Registration No. 33-49881
SECURITIES AND EXCHANGE COMMISSION
WASHINGTON, D.C. 20549
POST-EFFECTIVE AMENDMENT NO. 1
TO
FORM S-3
REGISTRATION STATEMENT
UNDER THE SECURITIES ACT OF 1933
NATIONSBANK CORPORATION
(Exact name of registrant as specified in its charter)
North Carolina 56-0906609
(State or other jurisdiction (I.R.S. Employer
of incorporation or organization) Identification No.)

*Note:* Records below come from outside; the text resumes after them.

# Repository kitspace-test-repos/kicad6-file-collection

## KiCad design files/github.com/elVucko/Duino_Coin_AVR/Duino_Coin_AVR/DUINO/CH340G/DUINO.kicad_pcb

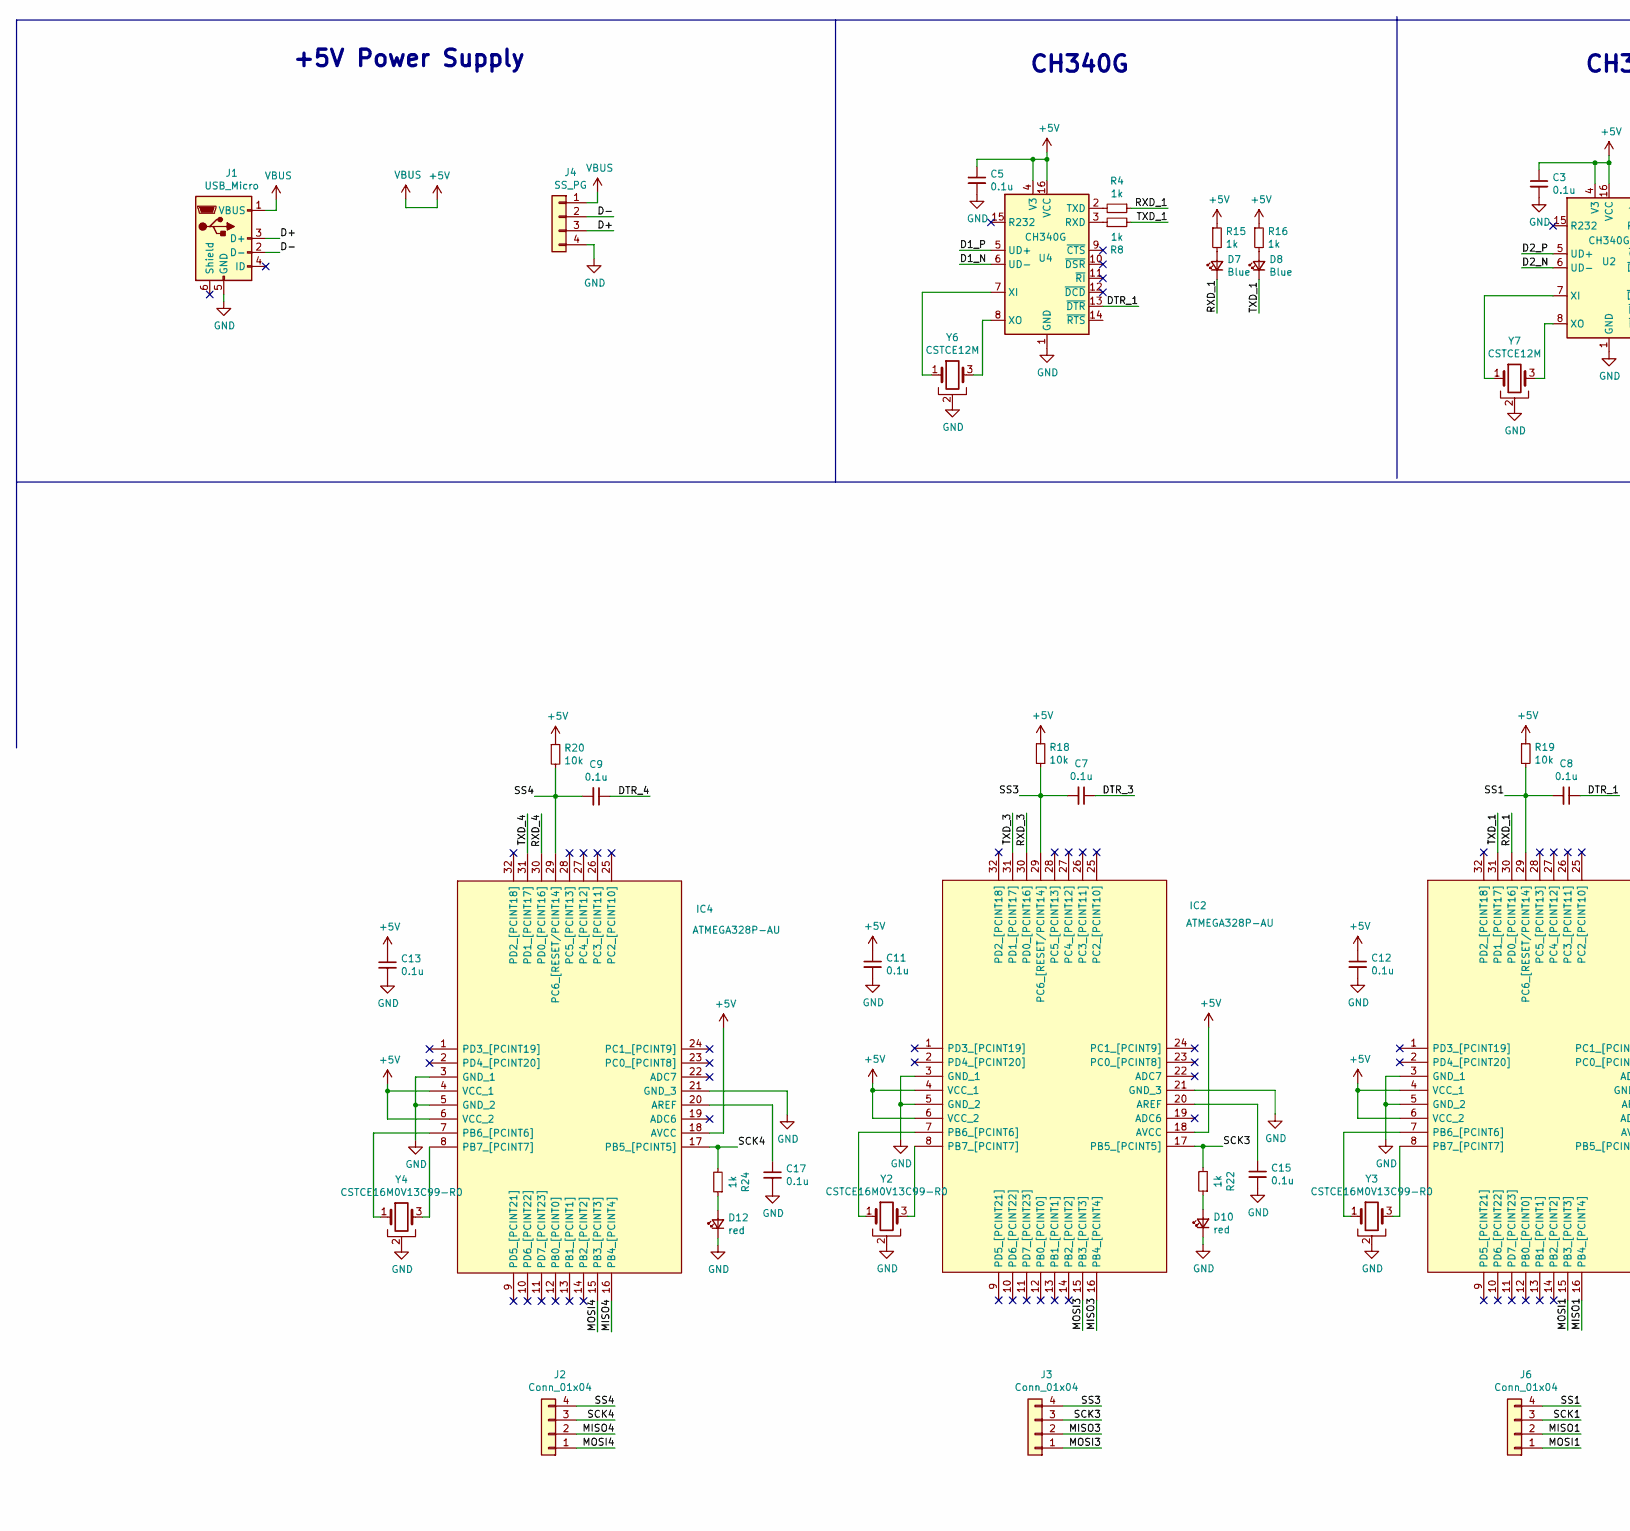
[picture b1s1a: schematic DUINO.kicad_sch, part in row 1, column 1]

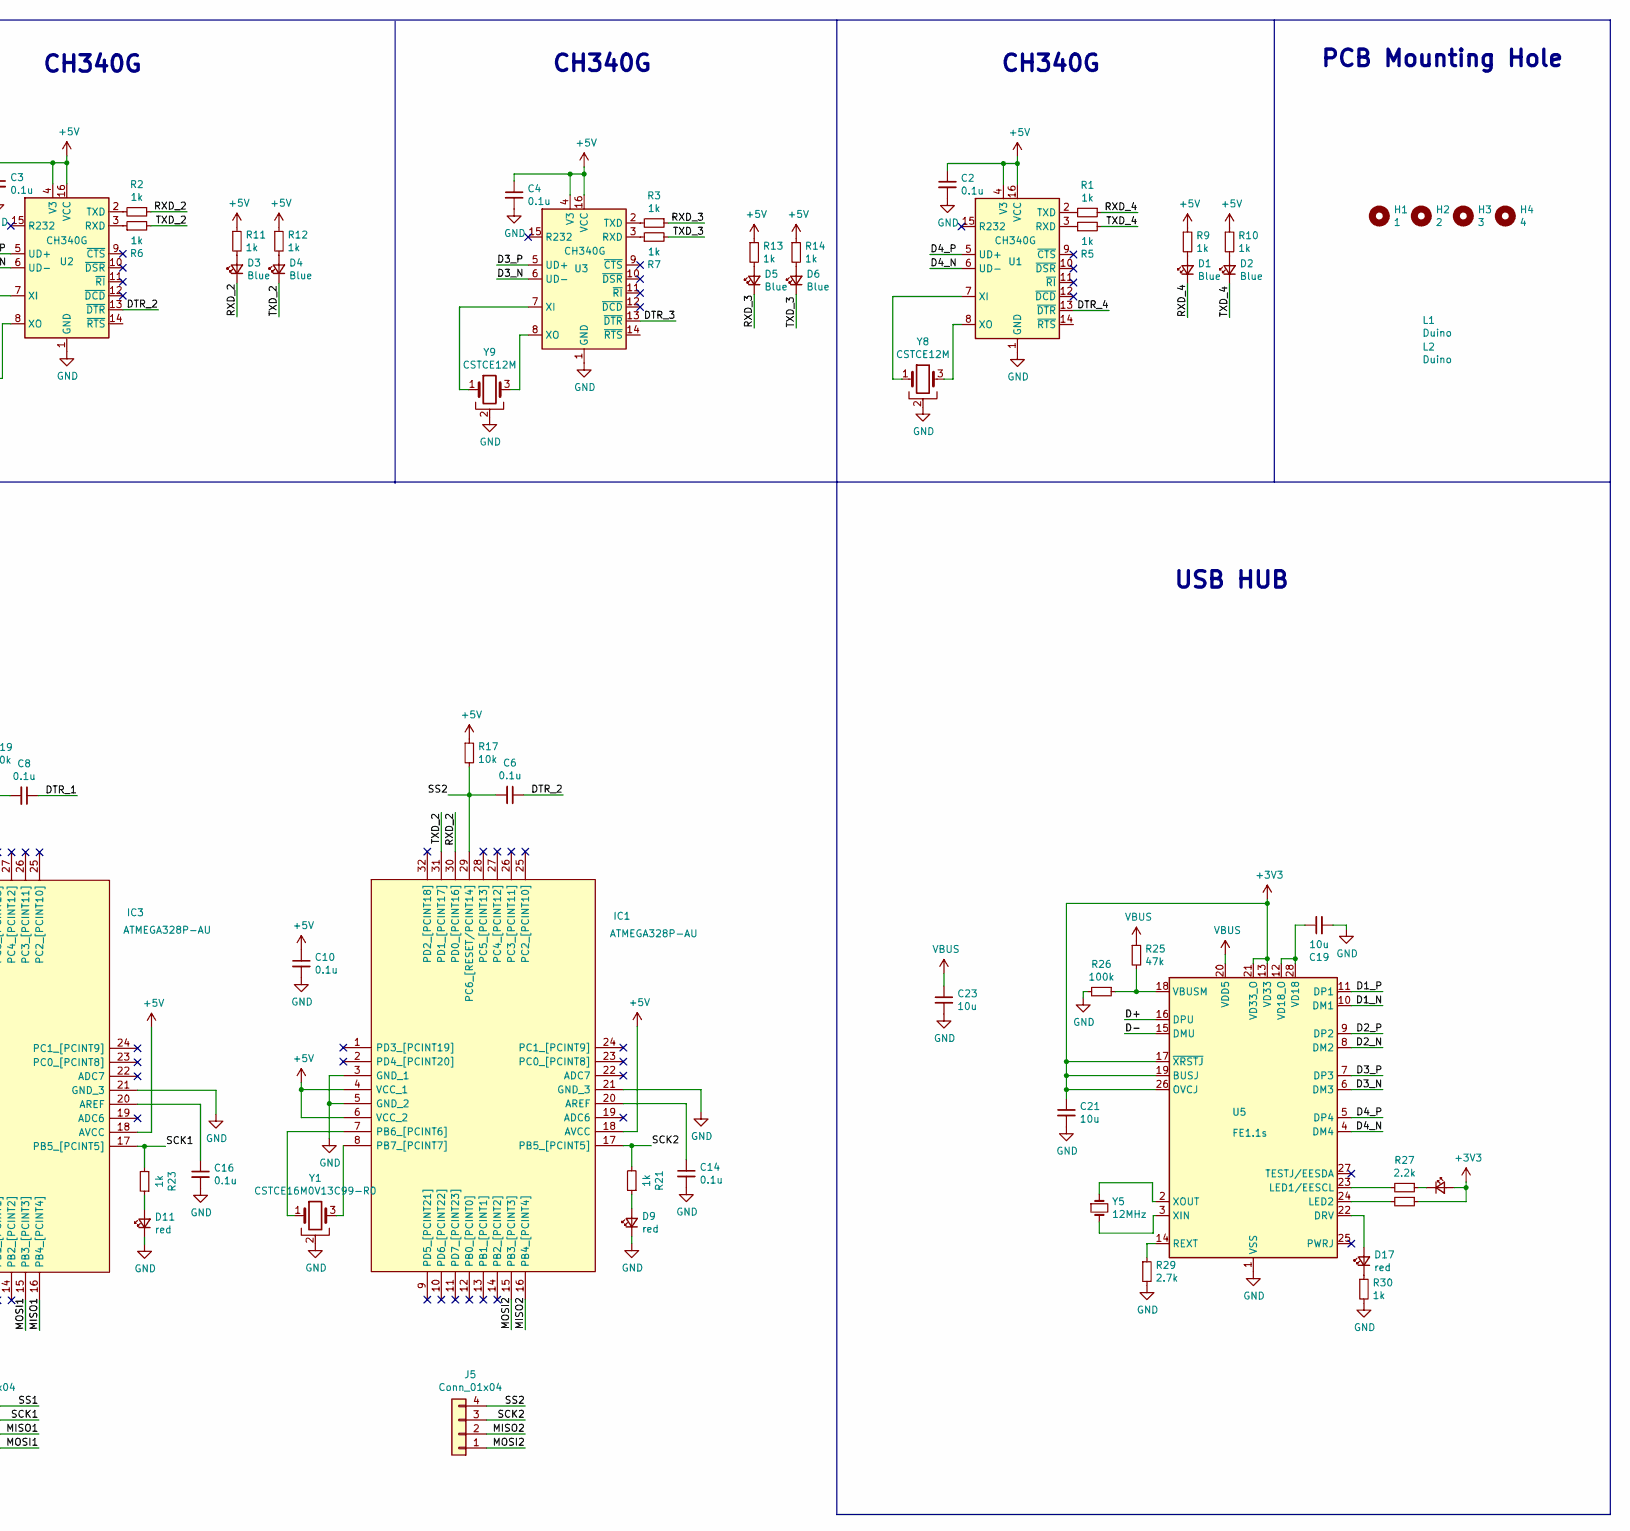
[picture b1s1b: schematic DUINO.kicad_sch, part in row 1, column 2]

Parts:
C2, C3, C4, C5, C6, C7, C8, C9, C10, C11, C12, C13, C14, C15, C16, C17: 0.1u; C_0805_2012Metric_Pad1.18x1.45mm_HandSolder
C19, C21, C23: 10u; C_0805_2012Metric_Pad1.18x1.45mm_HandSolder
D1, D2, D3, D4, D5, D6, D7, D8: Blue; LED_0603_1608Metric_Pad1.05x0.95mm_HandSolder
D9, D10, D11, D12, D17: red; LED_0603_1608Metric_Pad1.05x0.95mm_HandSolder
D13: 2; LED_0603_1608Metric_Pad1.05x0.95mm_HandSolder
H1: 1; MountingHole_3.2mm_M3
H2: 2; MountingHole_3.2mm_M3
H3: 3; MountingHole_3.2mm_M3
H4: 4; MountingHole_3.2mm_M3
IC1, IC2, IC3, IC4: ATMEGA328P-AU; QFP80P900X900X120-32N; Manufacturer_Part_Number ATMEGA328P-AU; Mouser Part Number 556-ATMEGA328P-AU
J1: USB_Micro; USB_Micro-B_Amphenol_10104110_Horizontal
J2, J3, J5, J6: Conn_01x04; PinHeader_1x04_P2.54mm_Vertical
J4: SS_PG; PinHeader_1x04_P2.54mm_Horizontal
L1, L2: Duino
R1, R2, R3, R4, R5, R6, R7, R8: 1k; R_0603_1608Metric_Pad0.98x0.95mm_HandSolder
R9, R10, R11, R12, R13, R14, R15, R16, R21, R22, R23, R24, R30: 1k; R_0805_2012Metric_Pad1.20x1.40mm_HandSolder
R17, R18, R19, R20: 10k; R_0805_2012Metric_Pad1.20x1.40mm_HandSolder
R25: 47k; R_0805_2012Metric_Pad1.20x1.40mm_HandSolder
R26: 100k; R_0805_2012Metric_Pad1.20x1.40mm_HandSolder
R27, R28: 2.2k; R_0805_2012Metric_Pad1.20x1.40mm_HandSolder
R29: 2.7k; R_0805_2012Metric_Pad1.20x1.40mm_HandSolder
U1, U2, U3, U4: CH340G; SOIC-16_3.9x9.9mm_P1.27mm
U5: FE1.1s; SSOP-28_3.9x9.9mm_P0.635mm
Y1, Y2, Y3, Y4: CSTCE16M0V13C99-R0; CSTCE16M0V13C99R0
Y5: 12MHz; Crystal_SMD_5032-2Pin_5.0x3.2mm
Y6, Y7, Y8, Y9: CSTCE12M; CSTCE16M0V13C99R0

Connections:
+3V3: C21.1, D13.2 (A), R28.1, U5.13 (VD33), U5.17 (~XRSTJ), U5.19 (BUSJ), U5.21 (VD33_O), U5.26 (OVCJ)
+5V: C2.1, C3.1, C4.1, C5.1, C10.1, C11.1, C12.1, C13.1, C23.1, IC1.4 (VCC_1), IC1.6 (VCC_2), IC1.18 (AVCC), IC2.4 (VCC_1), IC2.6 (VCC_2), IC2.18 (AVCC), IC3.4 (VCC_1), IC3.6 (VCC_2), IC3.18 (AVCC), IC4.4 (VCC_1), IC4.6 (VCC_2), IC4.18 (AVCC), J1.1 (VBUS), J4.1, R9.1, R10.1, R11.1, R12.1, R13.1, R14.1, R15.1, R16.1, R17.1, R18.1, R19.1, R20.1, R25.1, U1.4 (V3), U1.16 (VCC), U2.4 (V3), U2.16 (VCC), U3.4 (V3), U3.16 (VCC), U4.4 (V3), U4.16 (VCC), U5.20 (VDD5)
/D1_N: U4.6 (UD-), U5.10 (DM1)
/D1_P: U4.5 (UD+), U5.11 (DP1)
/D2_N: U2.6 (UD-), U5.8 (DM2)
/D2_P: U2.5 (UD+), U5.9 (DP2)
/D3_N: U3.6 (UD-), U5.6 (DM3)
/D3_P: U3.5 (UD+), U5.7 (DP3)
/D4_N: U1.6 (UD-), U5.4 (DM4)
/D4_P: U1.5 (UD+), U5.5 (DP4)
/D+: J1.3 (D+), J4.3, U5.16 (DPU)
/D-: J1.2 (D-), J4.2, U5.15 (DMU)
/DTR_1: C8.1, U4.13 (~DTR)
/DTR_2: C6.1, U2.13 (~DTR)
/DTR_3: C7.1, U3.13 (~DTR)
/DTR_4: C9.1, U1.13 (~DTR)
/MISO1: IC3.16 (PB4_[PCINT4]), J6.2
/MISO2: IC1.16 (PB4_[PCINT4]), J5.2
/MISO3: IC2.16 (PB4_[PCINT4]), J3.2
/MISO4: IC4.16 (PB4_[PCINT4]), J2.2
/MOSI1: IC3.15 (PB3_[PCINT3]), J6.1
/MOSI2: IC1.15 (PB3_[PCINT3]), J5.1
/MOSI3: IC2.15 (PB3_[PCINT3]), J3.1
/MOSI4: IC4.15 (PB3_[PCINT3]), J2.1
/RXD_1: D7.1 (K), IC3.30 (PD0_[PCINT16]), R4.1
/RXD_2: D3.1 (K), IC1.30 (PD0_[PCINT16]), R2.1
/RXD_3: D5.1 (K), IC2.30 (PD0_[PCINT16]), R3.1
/RXD_4: D1.1 (K), IC4.30 (PD0_[PCINT16]), R1.1
/SCK1: IC3.17 (PB5_[PCINT5]), J6.3, R23.2
/SCK2: IC1.17 (PB5_[PCINT5]), J5.3, R21.2
/SCK3: IC2.17 (PB5_[PCINT5]), J3.3, R22.2
/SCK4: IC4.17 (PB5_[PCINT5]), J2.3, R24.2
/SS1: C8.2, IC3.29 (PC6_[RESET/PCINT14]), J6.4, R19.2
/SS2: C6.2, IC1.29 (PC6_[RESET/PCINT14]), J5.4, R17.2
/SS3: C7.2, IC2.29 (PC6_[RESET/PCINT14]), J3.4, R18.2
/SS4: C9.2, IC4.29 (PC6_[RESET/PCINT14]), J2.4, R20.2
/TXD_1: D8.1 (K), IC3.31 (PD1_[PCINT17]), R8.2
/TXD_2: D4.1 (K), IC1.31 (PD1_[PCINT17]), R6.2
/TXD_3: D6.1 (K), IC2.31 (PD1_[PCINT17]), R7.2
/TXD_4: D2.1 (K), IC4.31 (PD1_[PCINT17]), R5.2
GND: C2.2, C3.2, C4.2, C5.2, C10.2, C11.2, C12.2, C13.2, C14.2, C15.2, C16.2, C17.2, C19.2, C21.2, C23.2, D9.1 (K), D10.1 (K), D11.1 (K), D12.1 (K), IC1.3 (GND_1), IC1.5 (GND_2), IC1.21 (GND_3), IC2.3 (GND_1), IC2.5 (GND_2), IC2.21 (GND_3), IC3.3 (GND_1), IC3.5 (GND_2), IC3.21 (GND_3), IC4.3 (GND_1), IC4.5 (GND_2), IC4.21 (GND_3), J1.5 (GND), J4.4, R26.2, R29.2, R30.2, U1.1 (GND), U2.1 (GND), U3.1 (GND), U4.1 (GND), U5.1 (VSS), Y1.2, Y2.2, Y3.2, Y4.2, Y6.2, Y7.2, Y8.2, Y9.2
unnamed: C14.1, IC1.20 (AREF)
unnamed: C15.1, IC2.20 (AREF)
unnamed: C16.1, IC3.20 (AREF)
unnamed: C17.1, IC4.20 (AREF)
unnamed: C19.1, U5.12 (VD18_O), U5.28 (VD18)
unnamed: D1.2 (A), R9.2
unnamed: D2.2 (A), R10.2
unnamed: D3.2 (A), R11.2
unnamed: D4.2 (A), R12.2
unnamed: D5.2 (A), R13.2
unnamed: D6.2 (A), R14.2
unnamed: D7.2 (A), R15.2
unnamed: D8.2 (A), R16.2
unnamed: D9.2 (A), R21.1
unnamed: D10.2 (A), R22.1
unnamed: D11.2 (A), R23.1
unnamed: D12.2 (A), R24.1
unnamed: D13.1 (K), R27.1
unnamed: D17.1 (K), R30.1
unnamed: D17.2 (A), U5.22 (DRV)
unnamed: IC1.7 (PB6_[PCINT6]), Y1.1
unnamed: IC1.8 (PB7_[PCINT7]), Y1.3
unnamed: IC2.7 (PB6_[PCINT6]), Y2.1
unnamed: IC2.8 (PB7_[PCINT7]), Y2.3
unnamed: IC3.7 (PB6_[PCINT6]), Y3.1
unnamed: IC3.8 (PB7_[PCINT7]), Y3.3
unnamed: IC4.7 (PB6_[PCINT6]), Y4.1
unnamed: IC4.8 (PB7_[PCINT7]), Y4.3
unnamed: R1.2, U1.2 (TXD)
unnamed: R2.2, U2.2 (TXD)
unnamed: R3.2, U3.2 (TXD)
unnamed: R4.2, U4.2 (TXD)
unnamed: R5.1, U1.3 (RXD)
unnamed: R6.1, U2.3 (RXD)
unnamed: R7.1, U3.3 (RXD)
unnamed: R8.1, U4.3 (RXD)
unnamed: R25.2, R26.1, U5.18 (VBUSM)
unnamed: R27.2, U5.23 (LED1/EESCL)
unnamed: R28.2, U5.24 (LED2)
unnamed: R29.1, U5.14 (REXT)
unnamed: U1.7 (XI), Y8.1
unnamed: U1.8 (XO), Y8.3
unnamed: U2.7 (XI), Y7.1
unnamed: U2.8 (XO), Y7.3
unnamed: U3.7 (XI), Y9.1
unnamed: U3.8 (XO), Y9.3
unnamed: U4.7 (XI), Y6.1
unnamed: U4.8 (XO), Y6.3
unnamed: U5.2 (XOUT), Y5.1
unnamed: U5.3 (XIN), Y5.2

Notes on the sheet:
CH340G
USB HUB
+5V Power Supply
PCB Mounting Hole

NationsBank Corporate Center
Charlotte, North Carolina
28255
(Address of Principal Executive Offices)
(Zip Code)
Paul J. Polking, Esq.
General Counsel
NationsBank Corporation
NationsBank Corporate Center
Charlotte, North Carolina 28255
(704) 386-5000
(Name, address, including ZIP code, and telephone number,
including area code, of agent for service)
With a copy to:
R. Douglas Harmon, Esq.
Smith Helms Mulliss & Moore, L.L.P
Post Office Box 31247
Charlotte, North Carolina 28231
(704) 343-2000
Termination of Offering.
The Registrant previously registered $4,000,000,000 in
aggregate initial offering price of (i) its unsecured debt
securities, (ii) shares of its preferred stock, and (iii) shares
of its common stock (together, the "Securities") with the
Securities and Exchange Commission on its Registration Statement
on Form S-3 (Registration No. 33-49881) (the "Registration
Statement"). The Registrant hereby states that all of the
Securities have been sold, being an aggregate of $4,000,000,000
in aggregate initial offering price.
SIGNATURES
Pursuant to the requirements of the Securities Act
of 1933, the Registrant certifies that it has reasonable grounds
to believe that it meets all of the requirements for filing on
Form S-3 and has duly caused this Post-Effective Amendment No. 1
to the Registration Statement to be signed on its behalf by the
undersigned, thereunto duly authorized, in the City of Charlotte,
State of North Carolina, on August 9, 1995.